* **Description of the task**
Filter the entries, keeping every line with the string "Shifter".

*** Begin section ***

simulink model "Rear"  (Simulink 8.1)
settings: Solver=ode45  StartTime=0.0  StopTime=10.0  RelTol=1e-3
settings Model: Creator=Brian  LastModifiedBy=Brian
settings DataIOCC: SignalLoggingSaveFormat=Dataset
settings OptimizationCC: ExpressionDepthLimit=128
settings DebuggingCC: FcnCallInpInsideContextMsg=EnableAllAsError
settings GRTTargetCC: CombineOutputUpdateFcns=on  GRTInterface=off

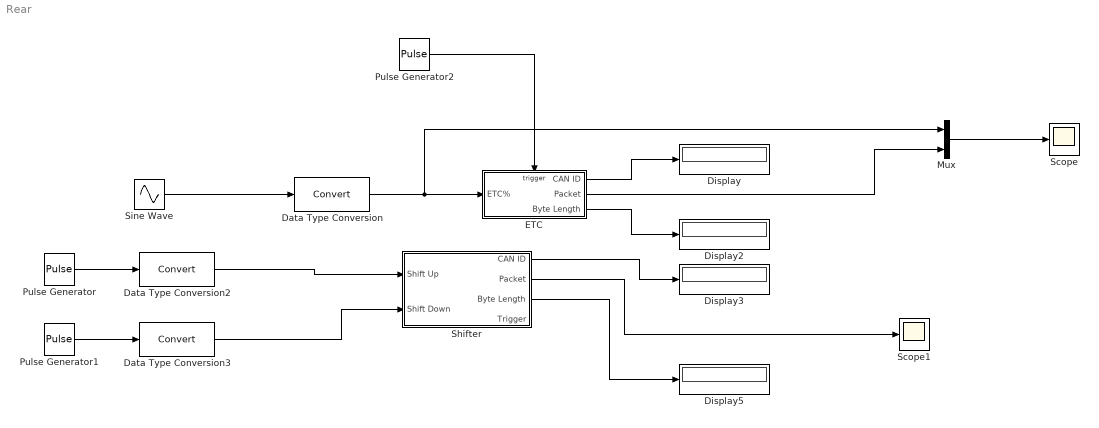
== system Rear ==
  Data Type Conversion : DataTypeConversion
  Data Type Conversion2 : DataTypeConversion
  Data Type Conversion3 : DataTypeConversion
  Display{,2..3,5} (4 alike) : Display
      settings: Format=hex (Stored Integer)
  ETC : Subsystem
  Mux : Mux  Inputs=2
  Pulse Generator : DiscretePulseGenerator  PulseType=Time based  PulseWidth=5  PhaseDelay=.5
  Pulse Generator1 : DiscretePulseGenerator  PulseType=Time based  PulseWidth=5
  Pulse Generator2 : DiscretePulseGenerator  PulseType=Time based  Period=.05  PulseWidth=5
  Scope : Scope
  Scope1 : Scope
  Shifter : Subsystem
  Sine Wave : Sin  Amplitude=45  Bias=45  Frequency=3.14  SampleTime=0
  wires:
  ETC/1(CAN ID) -> Display/1
  ETC/2(Packet) -> Mux/2
  ETC/3(Byte Length) -> Display2/1
  Shifter/1(CAN ID) -> Display3/1
  Shifter/3(Byte Length) -> Display5/1
  Sine Wave/1 -> Data Type Conversion/1
  Pulse Generator/1 -> Data Type Conversion2/1
  Pulse Generator1/1 -> Data Type Conversion3/1
  Data Type Conversion/1 -> Mux/1, ETC/1(ETC%)
  Mux/1 -> Scope/1
  Data Type Conversion2/1 -> Shifter/1(Shift Up)
  Data Type Conversion3/1 -> Shifter/2(Shift Down)
  Shifter/2(Packet) -> Scope1/1
  Pulse Generator2/1 -> ETC/Trigger

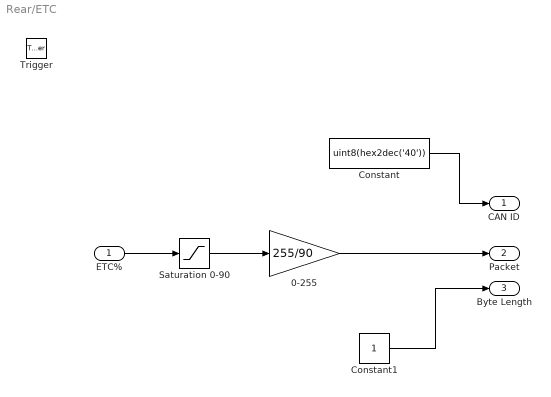
== system Rear/ETC ==
  ETC% : Inport  OutDataTypeStr=uint8
  Trigger : TriggerPort  PortDimensions=1
  0-255 : Gain  Gain=255/90  OutDataTypeStr=uint8
  Constant : Constant  Value=uint8(hex2dec('40'))  OutDataTypeStr=uint8
  Constant1 : Constant  OutDataTypeStr=uint8
  Saturation 0-90 : Saturate  UpperLimit=90  LowerLimit=0
  CAN ID : Outport
  Packet : Outport  Port=2
  Byte Length : Outport  Port=3
  wires:
  Constant/1 -> CAN ID/1
  ETC%/1 -> Saturation 0-90/1
  Saturation 0-90/1 -> 0-255/1
  0-255/1 -> Packet/1
  Constant1/1 -> Byte Length/1

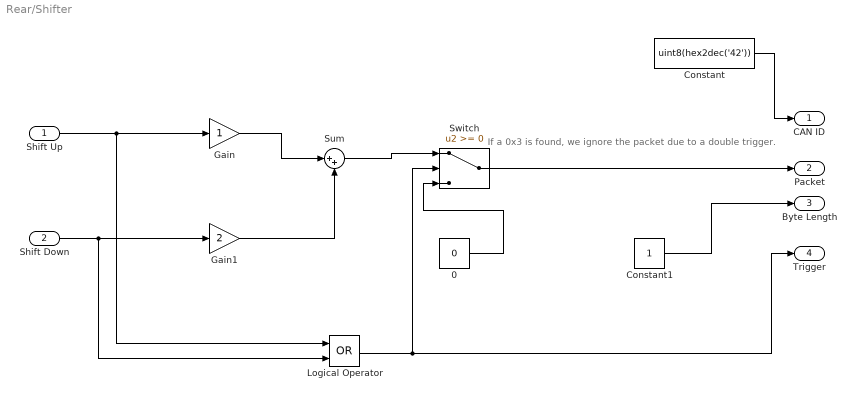
== system Rear/Shifter ==
  note: If a 0x3 is found, we ignore the packet due to a double trigger.
  Shift Up : Inport  OutDataTypeStr=boolean
  Shift Down : Inport  Port=2  OutDataTypeStr=boolean
  0 : Constant  Value=0  OutDataTypeStr=uint8
  Constant : Constant  Value=uint8(hex2dec('42'))  OutDataTypeStr=uint8
  Constant1 : Constant  OutDataTypeStr=uint8
  Gain : Gain  OutDataTypeStr=uint8
  Gain1 : Gain  Gain=2  OutDataTypeStr=uint8
  Logical Operator : Logic  Operator=OR  AllPortsSameDT=off  OutDataTypeStr=boolean
  Sum : Sum  Inputs=|++
  Switch : Switch
  CAN ID : Outport
  Packet : Outport  Port=2  OutDataTypeStr=uint8
  Byte Length : Outport  Port=3
  Trigger : Outport  Port=4
  wires:
  Constant/1 -> CAN ID/1
  Constant1/1 -> Byte Length/1
  Shift Up/1 -> Gain/1, Logical Operator/1
  Shift Down/1 -> Gain1/1, Logical Operator/2
  Logical Operator/1 -> Switch/2, Trigger/1
  Switch/1 -> Packet/1
  0/1 -> Switch/3
  Gain1/1 -> Sum/2
  Gain/1 -> Sum/1
  Sum/1 -> Switch/1

*** End section ***

* **Output of the exercise**
  Shifter : Subsystem
  Shifter/1(CAN ID) -> Display3/1
  Shifter/3(Byte Length) -> Display5/1
  Data Type Conversion2/1 -> Shifter/1(Shift Up)
  Data Type Conversion3/1 -> Shifter/2(Shift Down)
  Shifter/2(Packet) -> Scope1/1
== system Rear/Shifter ==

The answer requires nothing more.